■ **Source data**
▬▬▬
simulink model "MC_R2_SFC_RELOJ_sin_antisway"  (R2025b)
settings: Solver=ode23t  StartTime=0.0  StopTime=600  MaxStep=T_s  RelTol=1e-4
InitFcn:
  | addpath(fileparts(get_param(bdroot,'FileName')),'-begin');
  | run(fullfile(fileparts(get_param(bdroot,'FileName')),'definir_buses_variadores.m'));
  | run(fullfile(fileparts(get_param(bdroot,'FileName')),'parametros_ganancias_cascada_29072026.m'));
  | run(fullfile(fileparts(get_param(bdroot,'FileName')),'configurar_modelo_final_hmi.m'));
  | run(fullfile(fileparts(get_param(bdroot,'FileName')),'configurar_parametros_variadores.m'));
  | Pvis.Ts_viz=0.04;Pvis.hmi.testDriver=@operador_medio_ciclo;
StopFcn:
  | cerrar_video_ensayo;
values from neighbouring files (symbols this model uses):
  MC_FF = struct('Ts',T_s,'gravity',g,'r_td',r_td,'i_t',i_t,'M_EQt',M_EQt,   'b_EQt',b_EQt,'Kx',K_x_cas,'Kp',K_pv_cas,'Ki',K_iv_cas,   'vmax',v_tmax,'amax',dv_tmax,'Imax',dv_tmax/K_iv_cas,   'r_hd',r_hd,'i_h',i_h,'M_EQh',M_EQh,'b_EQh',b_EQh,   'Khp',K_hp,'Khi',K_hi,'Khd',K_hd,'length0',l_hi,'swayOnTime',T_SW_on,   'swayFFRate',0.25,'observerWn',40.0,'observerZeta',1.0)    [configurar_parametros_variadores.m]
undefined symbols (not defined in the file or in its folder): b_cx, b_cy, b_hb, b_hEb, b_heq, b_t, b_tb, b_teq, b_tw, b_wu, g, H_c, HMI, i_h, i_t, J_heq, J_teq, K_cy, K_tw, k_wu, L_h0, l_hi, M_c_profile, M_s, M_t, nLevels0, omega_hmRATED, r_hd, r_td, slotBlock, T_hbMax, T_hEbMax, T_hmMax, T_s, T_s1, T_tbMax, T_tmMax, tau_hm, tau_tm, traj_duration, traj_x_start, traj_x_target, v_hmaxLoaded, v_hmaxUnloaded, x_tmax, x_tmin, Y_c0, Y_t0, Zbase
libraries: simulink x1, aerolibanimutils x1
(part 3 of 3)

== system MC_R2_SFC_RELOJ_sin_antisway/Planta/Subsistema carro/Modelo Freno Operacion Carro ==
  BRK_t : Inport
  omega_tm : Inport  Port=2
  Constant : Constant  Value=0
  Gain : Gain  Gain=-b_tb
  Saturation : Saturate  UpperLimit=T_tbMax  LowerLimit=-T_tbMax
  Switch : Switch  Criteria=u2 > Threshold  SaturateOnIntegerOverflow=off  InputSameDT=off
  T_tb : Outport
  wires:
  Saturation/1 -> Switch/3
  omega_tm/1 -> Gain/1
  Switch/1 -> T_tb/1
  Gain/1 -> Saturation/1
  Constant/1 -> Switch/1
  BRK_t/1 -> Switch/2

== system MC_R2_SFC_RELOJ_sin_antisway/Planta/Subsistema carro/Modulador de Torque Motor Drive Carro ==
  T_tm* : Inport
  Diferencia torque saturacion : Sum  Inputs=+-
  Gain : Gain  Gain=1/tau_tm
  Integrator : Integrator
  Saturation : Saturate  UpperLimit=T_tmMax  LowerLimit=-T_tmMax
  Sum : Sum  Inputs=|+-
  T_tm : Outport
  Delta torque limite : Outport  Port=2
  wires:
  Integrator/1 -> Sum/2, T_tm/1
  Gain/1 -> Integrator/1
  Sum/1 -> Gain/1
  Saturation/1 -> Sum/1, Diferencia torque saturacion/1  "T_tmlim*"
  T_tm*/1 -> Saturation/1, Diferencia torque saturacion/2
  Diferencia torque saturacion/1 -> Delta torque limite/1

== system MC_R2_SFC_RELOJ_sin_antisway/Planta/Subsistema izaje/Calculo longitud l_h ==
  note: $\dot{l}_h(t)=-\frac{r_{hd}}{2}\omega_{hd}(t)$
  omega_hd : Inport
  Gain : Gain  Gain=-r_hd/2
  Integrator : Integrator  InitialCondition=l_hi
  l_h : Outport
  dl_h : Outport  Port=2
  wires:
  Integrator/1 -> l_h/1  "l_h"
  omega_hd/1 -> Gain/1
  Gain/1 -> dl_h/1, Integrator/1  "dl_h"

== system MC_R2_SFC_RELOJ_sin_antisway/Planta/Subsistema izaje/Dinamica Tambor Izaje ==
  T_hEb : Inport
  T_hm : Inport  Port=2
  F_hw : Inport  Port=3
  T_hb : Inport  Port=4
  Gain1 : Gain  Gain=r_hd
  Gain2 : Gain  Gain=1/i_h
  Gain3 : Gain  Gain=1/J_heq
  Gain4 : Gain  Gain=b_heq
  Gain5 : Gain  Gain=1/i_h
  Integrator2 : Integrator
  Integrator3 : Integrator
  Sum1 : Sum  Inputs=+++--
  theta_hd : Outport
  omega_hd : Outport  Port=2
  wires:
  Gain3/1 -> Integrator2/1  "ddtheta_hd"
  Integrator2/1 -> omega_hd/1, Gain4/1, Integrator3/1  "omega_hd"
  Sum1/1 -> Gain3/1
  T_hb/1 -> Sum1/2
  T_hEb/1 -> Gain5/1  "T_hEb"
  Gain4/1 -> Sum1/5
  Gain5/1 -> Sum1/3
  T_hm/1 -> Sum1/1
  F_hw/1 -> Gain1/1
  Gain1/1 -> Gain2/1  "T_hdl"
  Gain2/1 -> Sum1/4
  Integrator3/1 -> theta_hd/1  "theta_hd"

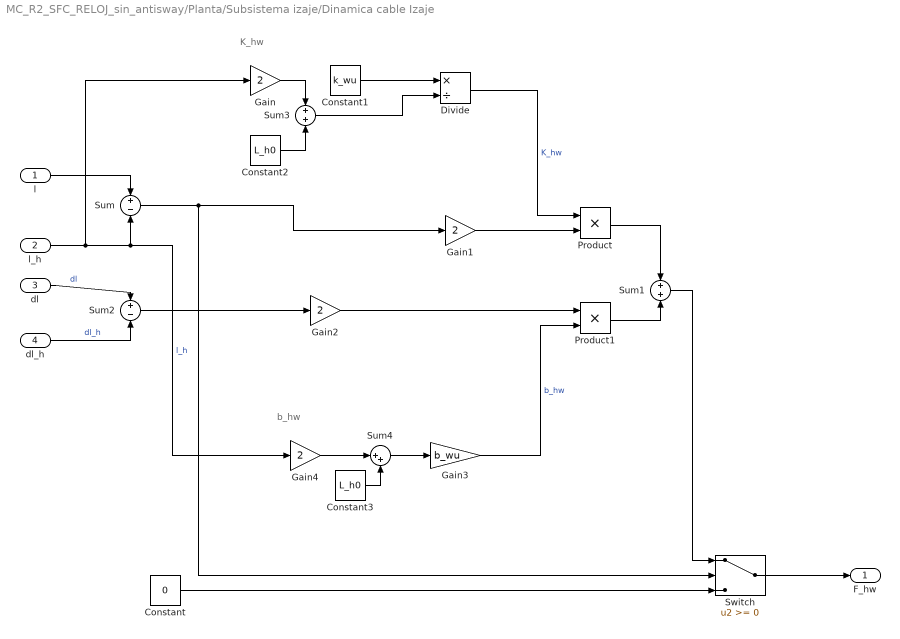
== system MC_R2_SFC_RELOJ_sin_antisway/Planta/Subsistema izaje/Dinamica cable Izaje ==
  note: b_hw
  note: K_hw
  l : Inport
  l_h : Inport  Port=2
  dl : Inport  Port=3
  dl_h : Inport  Port=4
  Constant : Constant  Value=0
  Constant1 : Constant  Value=k_wu
  Constant2 : Constant  Value=L_h0
  Constant3 : Constant  Value=L_h0
  Divide : Product  Inputs=*/
  Gain{,1..2,4} (4 alike) : Gain  Gain=2
  Gain3 : Gain  Gain=b_wu
  Product : Product
  Product1 : Product
  Sum : Sum  Inputs=+-
  Sum1 : Sum
  Sum2 : Sum  Inputs=+-
  Sum3 : Sum
  Sum4 : Sum  Inputs=|++
  Switch : Switch  SaturateOnIntegerOverflow=off  InputSameDT=off
  F_hw : Outport
  wires:
  Constant/1 -> Switch/3
  l/1 -> Sum/1
  l_h/1 -> Gain4/1, Sum/2, Gain/1  "l_h"
  Sum/1 -> Switch/2, Gain1/1
  Switch/1 -> F_hw/1
  Sum1/1 -> Switch/1
  Gain1/1 -> Product/2
  Product/1 -> Sum1/1
  Divide/1 -> Product/1  "K_hw"
  Gain3/1 -> Product1/2  "b_hw"
  dl/1 -> Sum2/1  "dl"
  dl_h/1 -> Sum2/2  "dl_h"
  Sum2/1 -> Gain2/1
  Gain2/1 -> Product1/1
  Product1/1 -> Sum1/2
  Sum3/1 -> Divide/2
  Constant1/1 -> Divide/1
  Constant2/1 -> Sum3/2
  Gain/1 -> Sum3/1
  Gain4/1 -> Sum4/1
  Sum4/1 -> Gain3/1
  Constant3/1 -> Sum4/2

== system MC_R2_SFC_RELOJ_sin_antisway/Planta/Subsistema izaje/Modelo Freno Emergencia de Izaje(Eje lento) ==
  omega_hd : Inport
  BRK_hE : Inport  Port=2
  Constant : Constant  Value=0
  Gain : Gain  Gain=-b_hEb
  Saturation : Saturate  UpperLimit=T_hEbMax  LowerLimit=-T_hEbMax
  Switch : Switch  Criteria=u2 > Threshold  SaturateOnIntegerOverflow=off  InputSameDT=off
  T_hEb : Outport
  wires:
  Saturation/1 -> Switch/3
  omega_hd/1 -> Gain/1
  Switch/1 -> T_hEb/1
  Gain/1 -> Saturation/1
  Constant/1 -> Switch/1
  BRK_hE/1 -> Switch/2

== system MC_R2_SFC_RELOJ_sin_antisway/Planta/Subsistema izaje/Modelo Freno Operacion de Izaje(Eje Rapido) ==
  BRK_h : Inport
  omega_hm : Inport  Port=2
  Constant : Constant  Value=0
  Gain : Gain  Gain=-b_hb
  Saturation : Saturate  UpperLimit=T_hbMax  LowerLimit=-T_hbMax
  Switch : Switch  Criteria=u2 > Threshold  SaturateOnIntegerOverflow=off  InputSameDT=off
  T_hb : Outport
  wires:
  Saturation/1 -> Switch/3
  omega_hm/1 -> Gain/1
  Switch/1 -> T_hb/1
  Gain/1 -> Saturation/1
  Constant/1 -> Switch/1
  BRK_h/1 -> Switch/2

== system MC_R2_SFC_RELOJ_sin_antisway/Planta/Subsistema izaje/Modulador de Torque Motor Drive Izaje ==
  T_hm* : Inport
  omega_hm : Inport  Port=2
  Calculo Torque Limite : Subsystem
  Gain : Gain  Gain=1/tau_hm
  Gain1 : Gain  Gain=-1
  Integrator : Integrator
  Saturation Dynamic : simulink/Discontinuities/Saturation Dynamic  OutMin=[]  OutMax=[]  OutDataTypeStr=Inherit: Same as second input  OutDataType=fixdt(1, 16)  OutScaling=2^-10  DoSatur=off
  Sum : Sum  Inputs=|+-
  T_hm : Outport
▬▬▬
Give again only the lines starting at the one that contains "izaje/Modulador de Torque" and running to the end of the data.

== system MC_R2_SFC_RELOJ_sin_antisway/Planta/Subsistema izaje/Modulador de Torque Motor Drive Izaje ==
  T_hm* : Inport
  omega_hm : Inport  Port=2
  Calculo Torque Limite : Subsystem
  Gain : Gain  Gain=1/tau_hm
  Gain1 : Gain  Gain=-1
  Integrator : Integrator
  Saturation Dynamic : simulink/Discontinuities/Saturation Dynamic  OutMin=[]  OutMax=[]  OutDataTypeStr=Inherit: Same as second input  OutDataType=fixdt(1, 16)  OutScaling=2^-10  DoSatur=off
  Sum : Sum  Inputs=|+-
  T_hm : Outport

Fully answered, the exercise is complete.